[Collected data]
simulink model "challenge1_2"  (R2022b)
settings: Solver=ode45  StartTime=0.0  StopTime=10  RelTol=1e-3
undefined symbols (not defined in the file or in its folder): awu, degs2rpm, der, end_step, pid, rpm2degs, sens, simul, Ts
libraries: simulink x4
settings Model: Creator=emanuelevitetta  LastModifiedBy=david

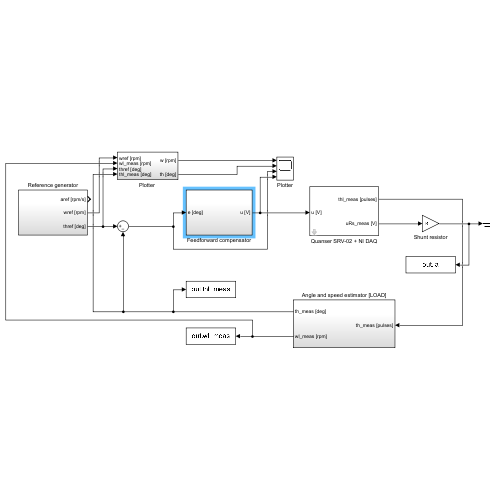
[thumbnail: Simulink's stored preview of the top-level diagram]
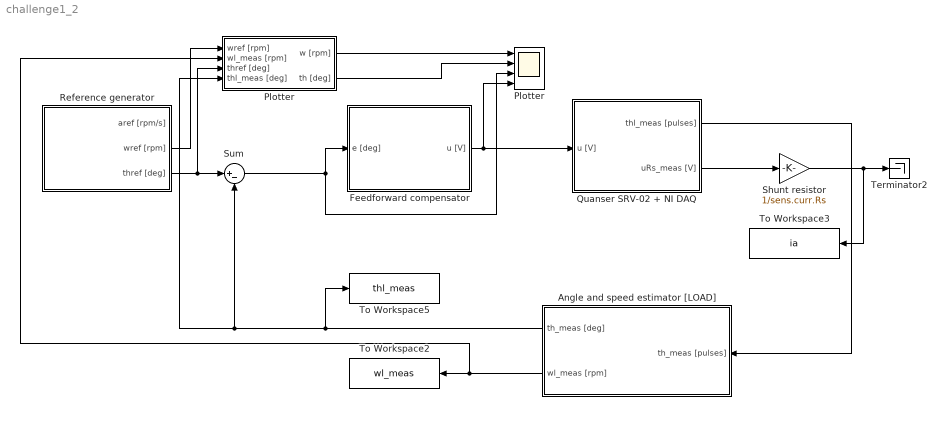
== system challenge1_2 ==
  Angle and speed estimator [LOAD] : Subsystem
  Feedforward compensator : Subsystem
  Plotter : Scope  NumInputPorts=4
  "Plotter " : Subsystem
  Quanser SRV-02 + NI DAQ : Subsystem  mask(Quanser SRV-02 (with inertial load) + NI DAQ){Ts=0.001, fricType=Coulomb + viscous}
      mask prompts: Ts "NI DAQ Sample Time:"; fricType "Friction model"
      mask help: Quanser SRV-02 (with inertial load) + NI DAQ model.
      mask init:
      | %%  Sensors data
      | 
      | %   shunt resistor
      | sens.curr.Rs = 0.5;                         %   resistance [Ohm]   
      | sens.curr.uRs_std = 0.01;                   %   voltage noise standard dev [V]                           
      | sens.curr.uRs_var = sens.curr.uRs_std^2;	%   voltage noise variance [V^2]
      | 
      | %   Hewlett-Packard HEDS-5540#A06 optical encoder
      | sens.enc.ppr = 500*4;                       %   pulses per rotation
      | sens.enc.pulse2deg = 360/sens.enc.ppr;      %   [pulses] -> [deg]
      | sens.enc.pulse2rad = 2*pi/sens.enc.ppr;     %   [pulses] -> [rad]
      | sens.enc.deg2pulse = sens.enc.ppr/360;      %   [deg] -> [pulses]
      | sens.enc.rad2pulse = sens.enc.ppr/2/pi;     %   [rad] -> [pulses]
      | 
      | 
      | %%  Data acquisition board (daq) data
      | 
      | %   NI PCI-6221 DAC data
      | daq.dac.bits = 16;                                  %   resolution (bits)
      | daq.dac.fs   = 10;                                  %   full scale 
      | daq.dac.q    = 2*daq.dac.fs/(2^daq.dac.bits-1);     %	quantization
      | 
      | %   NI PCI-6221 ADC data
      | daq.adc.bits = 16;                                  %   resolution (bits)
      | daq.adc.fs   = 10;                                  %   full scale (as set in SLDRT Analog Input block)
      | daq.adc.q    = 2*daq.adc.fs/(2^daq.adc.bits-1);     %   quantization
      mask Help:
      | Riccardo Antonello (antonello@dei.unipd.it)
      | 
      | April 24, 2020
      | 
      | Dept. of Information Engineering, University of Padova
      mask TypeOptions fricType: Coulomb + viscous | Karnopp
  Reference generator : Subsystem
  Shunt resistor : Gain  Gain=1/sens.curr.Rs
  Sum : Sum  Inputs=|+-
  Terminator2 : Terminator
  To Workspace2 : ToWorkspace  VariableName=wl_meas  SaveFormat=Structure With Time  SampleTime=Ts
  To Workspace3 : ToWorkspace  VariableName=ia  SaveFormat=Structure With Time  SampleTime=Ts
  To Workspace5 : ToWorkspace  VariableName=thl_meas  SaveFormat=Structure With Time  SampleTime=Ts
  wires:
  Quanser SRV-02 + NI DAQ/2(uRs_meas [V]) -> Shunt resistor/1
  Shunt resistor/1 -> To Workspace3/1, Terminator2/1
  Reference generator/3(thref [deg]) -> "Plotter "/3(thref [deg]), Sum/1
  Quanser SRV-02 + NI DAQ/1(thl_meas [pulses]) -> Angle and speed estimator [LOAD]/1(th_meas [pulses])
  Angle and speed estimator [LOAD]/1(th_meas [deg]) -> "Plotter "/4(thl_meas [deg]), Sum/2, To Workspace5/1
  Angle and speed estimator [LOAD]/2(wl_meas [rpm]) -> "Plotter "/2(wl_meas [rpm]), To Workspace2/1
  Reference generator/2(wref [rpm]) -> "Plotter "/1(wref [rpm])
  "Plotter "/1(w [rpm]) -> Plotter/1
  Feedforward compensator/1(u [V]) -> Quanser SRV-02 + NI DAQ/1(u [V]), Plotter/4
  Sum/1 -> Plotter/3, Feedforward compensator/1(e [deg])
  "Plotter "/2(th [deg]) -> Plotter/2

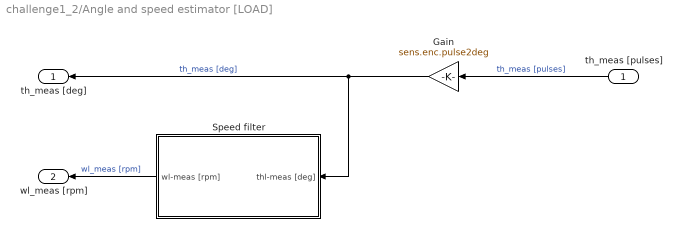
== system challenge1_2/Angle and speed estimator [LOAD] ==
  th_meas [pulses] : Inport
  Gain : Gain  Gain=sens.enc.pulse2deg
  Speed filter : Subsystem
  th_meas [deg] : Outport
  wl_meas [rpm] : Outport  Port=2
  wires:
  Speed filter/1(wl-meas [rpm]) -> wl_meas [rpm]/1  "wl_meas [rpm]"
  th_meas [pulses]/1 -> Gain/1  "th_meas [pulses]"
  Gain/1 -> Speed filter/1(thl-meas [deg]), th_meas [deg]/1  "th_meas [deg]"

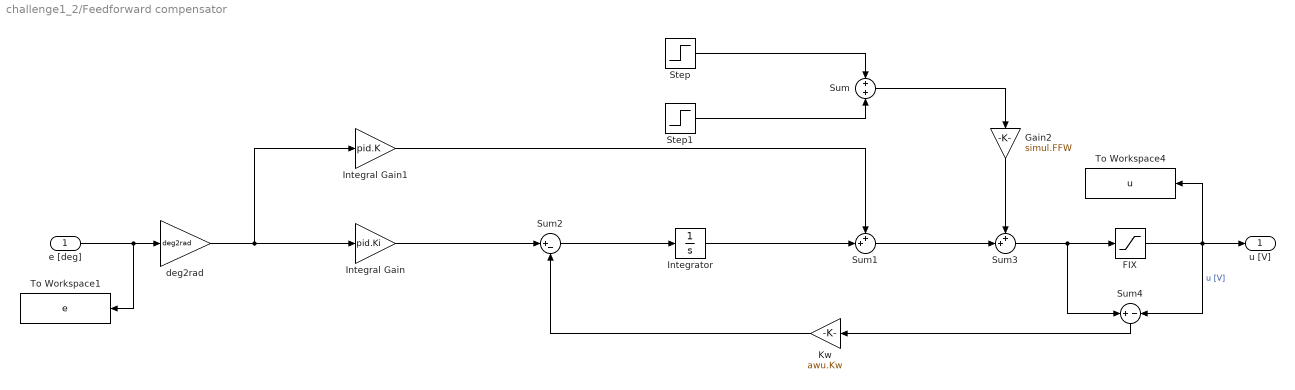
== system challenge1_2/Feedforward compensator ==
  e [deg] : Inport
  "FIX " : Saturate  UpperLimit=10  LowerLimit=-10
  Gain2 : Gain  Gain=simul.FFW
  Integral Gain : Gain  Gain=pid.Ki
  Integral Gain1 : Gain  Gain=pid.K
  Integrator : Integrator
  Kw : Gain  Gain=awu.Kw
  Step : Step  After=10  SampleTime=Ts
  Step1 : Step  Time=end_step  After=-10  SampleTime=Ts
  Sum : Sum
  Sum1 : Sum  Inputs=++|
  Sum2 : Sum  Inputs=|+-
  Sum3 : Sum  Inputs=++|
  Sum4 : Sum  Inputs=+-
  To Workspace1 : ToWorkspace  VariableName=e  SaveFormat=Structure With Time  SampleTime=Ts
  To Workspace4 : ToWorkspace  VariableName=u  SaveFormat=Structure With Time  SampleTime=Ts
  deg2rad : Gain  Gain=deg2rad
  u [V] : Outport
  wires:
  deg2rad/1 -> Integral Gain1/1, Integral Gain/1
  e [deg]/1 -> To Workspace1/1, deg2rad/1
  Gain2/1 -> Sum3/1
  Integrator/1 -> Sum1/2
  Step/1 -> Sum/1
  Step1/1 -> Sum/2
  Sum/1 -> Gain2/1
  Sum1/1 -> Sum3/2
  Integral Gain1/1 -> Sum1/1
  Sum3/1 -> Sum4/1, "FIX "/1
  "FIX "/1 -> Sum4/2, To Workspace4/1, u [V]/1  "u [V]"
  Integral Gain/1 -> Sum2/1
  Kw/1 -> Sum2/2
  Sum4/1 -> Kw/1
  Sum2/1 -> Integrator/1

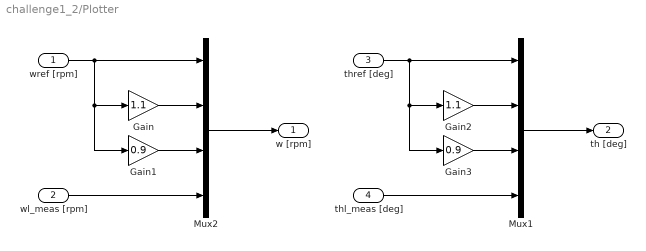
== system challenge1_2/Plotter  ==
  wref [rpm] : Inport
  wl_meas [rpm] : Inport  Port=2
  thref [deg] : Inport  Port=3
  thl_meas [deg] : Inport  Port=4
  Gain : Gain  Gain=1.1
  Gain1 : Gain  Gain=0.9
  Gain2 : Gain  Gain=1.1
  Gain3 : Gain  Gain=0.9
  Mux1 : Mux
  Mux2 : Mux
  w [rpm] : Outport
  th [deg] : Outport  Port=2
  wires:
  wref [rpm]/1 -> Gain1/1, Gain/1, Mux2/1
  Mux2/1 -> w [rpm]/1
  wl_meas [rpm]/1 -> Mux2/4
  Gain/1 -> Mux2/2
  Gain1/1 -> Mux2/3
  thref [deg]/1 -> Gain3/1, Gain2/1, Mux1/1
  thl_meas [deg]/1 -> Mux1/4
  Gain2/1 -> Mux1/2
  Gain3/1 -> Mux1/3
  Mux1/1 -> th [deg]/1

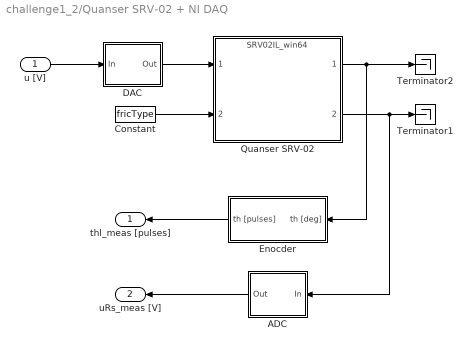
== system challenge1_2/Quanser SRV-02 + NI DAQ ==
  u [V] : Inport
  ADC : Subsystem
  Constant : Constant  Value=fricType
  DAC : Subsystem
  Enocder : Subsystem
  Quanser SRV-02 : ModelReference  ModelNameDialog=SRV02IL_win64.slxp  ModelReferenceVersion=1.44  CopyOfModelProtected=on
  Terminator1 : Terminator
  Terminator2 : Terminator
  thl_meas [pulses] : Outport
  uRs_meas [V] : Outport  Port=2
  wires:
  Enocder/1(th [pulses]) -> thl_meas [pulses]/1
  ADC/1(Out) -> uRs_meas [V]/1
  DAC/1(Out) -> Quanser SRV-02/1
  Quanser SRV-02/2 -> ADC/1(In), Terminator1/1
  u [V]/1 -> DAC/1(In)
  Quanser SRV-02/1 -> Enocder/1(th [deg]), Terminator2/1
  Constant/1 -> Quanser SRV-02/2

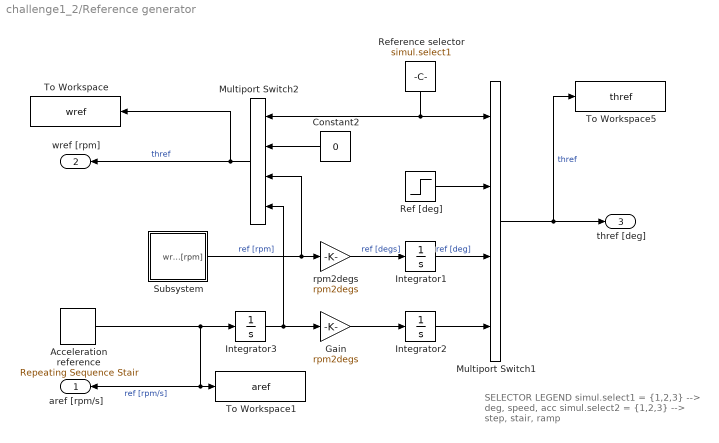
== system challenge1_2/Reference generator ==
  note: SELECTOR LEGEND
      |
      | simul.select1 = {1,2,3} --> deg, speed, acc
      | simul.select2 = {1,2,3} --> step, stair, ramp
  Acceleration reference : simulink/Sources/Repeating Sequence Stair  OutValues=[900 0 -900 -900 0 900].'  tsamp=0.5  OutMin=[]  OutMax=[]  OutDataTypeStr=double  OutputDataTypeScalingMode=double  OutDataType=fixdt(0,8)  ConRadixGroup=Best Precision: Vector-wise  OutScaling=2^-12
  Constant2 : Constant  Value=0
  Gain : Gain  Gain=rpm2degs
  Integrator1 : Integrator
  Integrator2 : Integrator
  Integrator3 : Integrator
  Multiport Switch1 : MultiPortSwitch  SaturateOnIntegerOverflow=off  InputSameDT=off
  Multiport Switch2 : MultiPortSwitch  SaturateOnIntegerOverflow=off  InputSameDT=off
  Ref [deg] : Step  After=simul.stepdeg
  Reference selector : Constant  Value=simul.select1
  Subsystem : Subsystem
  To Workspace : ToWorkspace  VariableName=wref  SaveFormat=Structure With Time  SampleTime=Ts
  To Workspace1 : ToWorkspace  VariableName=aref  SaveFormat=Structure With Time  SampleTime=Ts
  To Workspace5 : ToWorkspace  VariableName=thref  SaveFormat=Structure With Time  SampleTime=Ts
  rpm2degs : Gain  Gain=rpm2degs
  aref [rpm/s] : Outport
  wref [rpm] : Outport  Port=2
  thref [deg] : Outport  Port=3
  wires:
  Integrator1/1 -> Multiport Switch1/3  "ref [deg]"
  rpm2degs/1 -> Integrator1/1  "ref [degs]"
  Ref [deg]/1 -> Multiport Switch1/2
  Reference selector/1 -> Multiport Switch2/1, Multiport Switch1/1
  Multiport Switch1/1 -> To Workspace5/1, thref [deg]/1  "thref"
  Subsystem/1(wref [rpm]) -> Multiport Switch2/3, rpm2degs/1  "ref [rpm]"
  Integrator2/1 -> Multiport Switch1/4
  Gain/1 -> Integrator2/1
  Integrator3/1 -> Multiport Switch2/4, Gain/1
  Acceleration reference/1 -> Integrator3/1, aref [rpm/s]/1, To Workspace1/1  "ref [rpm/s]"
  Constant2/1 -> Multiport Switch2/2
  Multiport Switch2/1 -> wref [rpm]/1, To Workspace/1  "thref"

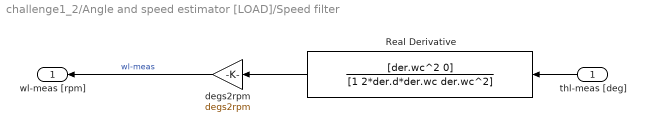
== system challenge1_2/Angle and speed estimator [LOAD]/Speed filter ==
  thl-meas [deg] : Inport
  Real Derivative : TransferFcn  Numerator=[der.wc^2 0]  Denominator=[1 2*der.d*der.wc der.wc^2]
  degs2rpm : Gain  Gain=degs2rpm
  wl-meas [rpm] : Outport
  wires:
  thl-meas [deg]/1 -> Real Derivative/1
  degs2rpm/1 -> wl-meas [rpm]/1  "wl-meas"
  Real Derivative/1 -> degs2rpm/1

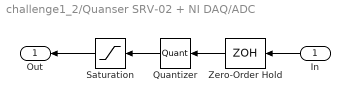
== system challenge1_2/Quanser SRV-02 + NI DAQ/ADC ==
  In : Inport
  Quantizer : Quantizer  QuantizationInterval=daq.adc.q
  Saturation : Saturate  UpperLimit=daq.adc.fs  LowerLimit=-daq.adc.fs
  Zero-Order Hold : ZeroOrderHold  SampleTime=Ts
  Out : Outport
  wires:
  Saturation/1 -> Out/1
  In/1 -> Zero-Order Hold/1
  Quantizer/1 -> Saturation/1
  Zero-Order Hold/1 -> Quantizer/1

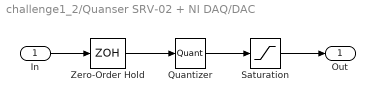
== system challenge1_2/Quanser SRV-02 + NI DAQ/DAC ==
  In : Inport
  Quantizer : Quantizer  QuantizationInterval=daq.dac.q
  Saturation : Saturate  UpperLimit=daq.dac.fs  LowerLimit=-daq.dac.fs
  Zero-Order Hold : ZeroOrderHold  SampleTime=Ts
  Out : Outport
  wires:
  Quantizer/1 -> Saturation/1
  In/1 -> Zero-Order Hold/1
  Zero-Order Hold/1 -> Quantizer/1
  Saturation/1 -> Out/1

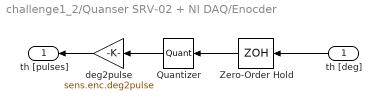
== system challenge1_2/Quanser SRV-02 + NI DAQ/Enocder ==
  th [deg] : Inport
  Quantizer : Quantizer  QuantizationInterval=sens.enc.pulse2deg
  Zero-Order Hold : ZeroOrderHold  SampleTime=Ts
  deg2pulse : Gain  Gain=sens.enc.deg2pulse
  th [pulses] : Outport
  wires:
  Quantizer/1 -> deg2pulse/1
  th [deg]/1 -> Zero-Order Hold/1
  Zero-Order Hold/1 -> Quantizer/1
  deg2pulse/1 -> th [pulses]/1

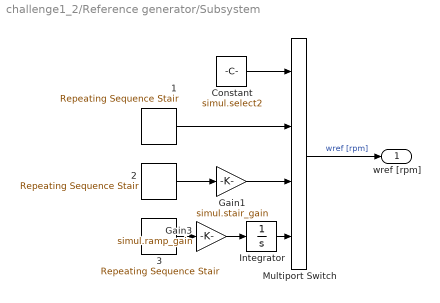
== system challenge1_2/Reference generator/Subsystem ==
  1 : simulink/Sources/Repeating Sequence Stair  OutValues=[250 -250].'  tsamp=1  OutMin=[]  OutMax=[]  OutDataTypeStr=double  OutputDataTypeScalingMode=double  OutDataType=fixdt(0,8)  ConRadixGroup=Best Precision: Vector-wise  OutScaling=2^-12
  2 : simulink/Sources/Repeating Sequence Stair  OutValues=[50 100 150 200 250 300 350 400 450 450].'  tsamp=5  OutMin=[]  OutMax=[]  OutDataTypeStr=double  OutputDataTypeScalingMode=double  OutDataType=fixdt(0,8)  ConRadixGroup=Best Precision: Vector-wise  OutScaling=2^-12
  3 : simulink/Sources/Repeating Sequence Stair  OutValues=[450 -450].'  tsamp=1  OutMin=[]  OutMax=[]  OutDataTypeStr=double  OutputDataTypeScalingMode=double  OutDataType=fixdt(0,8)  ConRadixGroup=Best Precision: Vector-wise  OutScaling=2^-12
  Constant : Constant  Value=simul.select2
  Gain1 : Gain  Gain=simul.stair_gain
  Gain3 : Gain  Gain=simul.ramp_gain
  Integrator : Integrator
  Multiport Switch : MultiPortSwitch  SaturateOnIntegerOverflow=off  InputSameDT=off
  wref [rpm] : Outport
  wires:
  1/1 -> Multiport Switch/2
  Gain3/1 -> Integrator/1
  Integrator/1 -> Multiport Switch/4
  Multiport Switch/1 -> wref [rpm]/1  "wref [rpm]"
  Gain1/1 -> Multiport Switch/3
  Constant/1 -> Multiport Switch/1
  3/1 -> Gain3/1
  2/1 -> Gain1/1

— Exercise details —
Consider the entries above and return each line with the string "resolution".

— Task output —
      | daq.dac.bits = 16;                                  %   resolution (bits)
      | daq.adc.bits = 16;                                  %   resolution (bits)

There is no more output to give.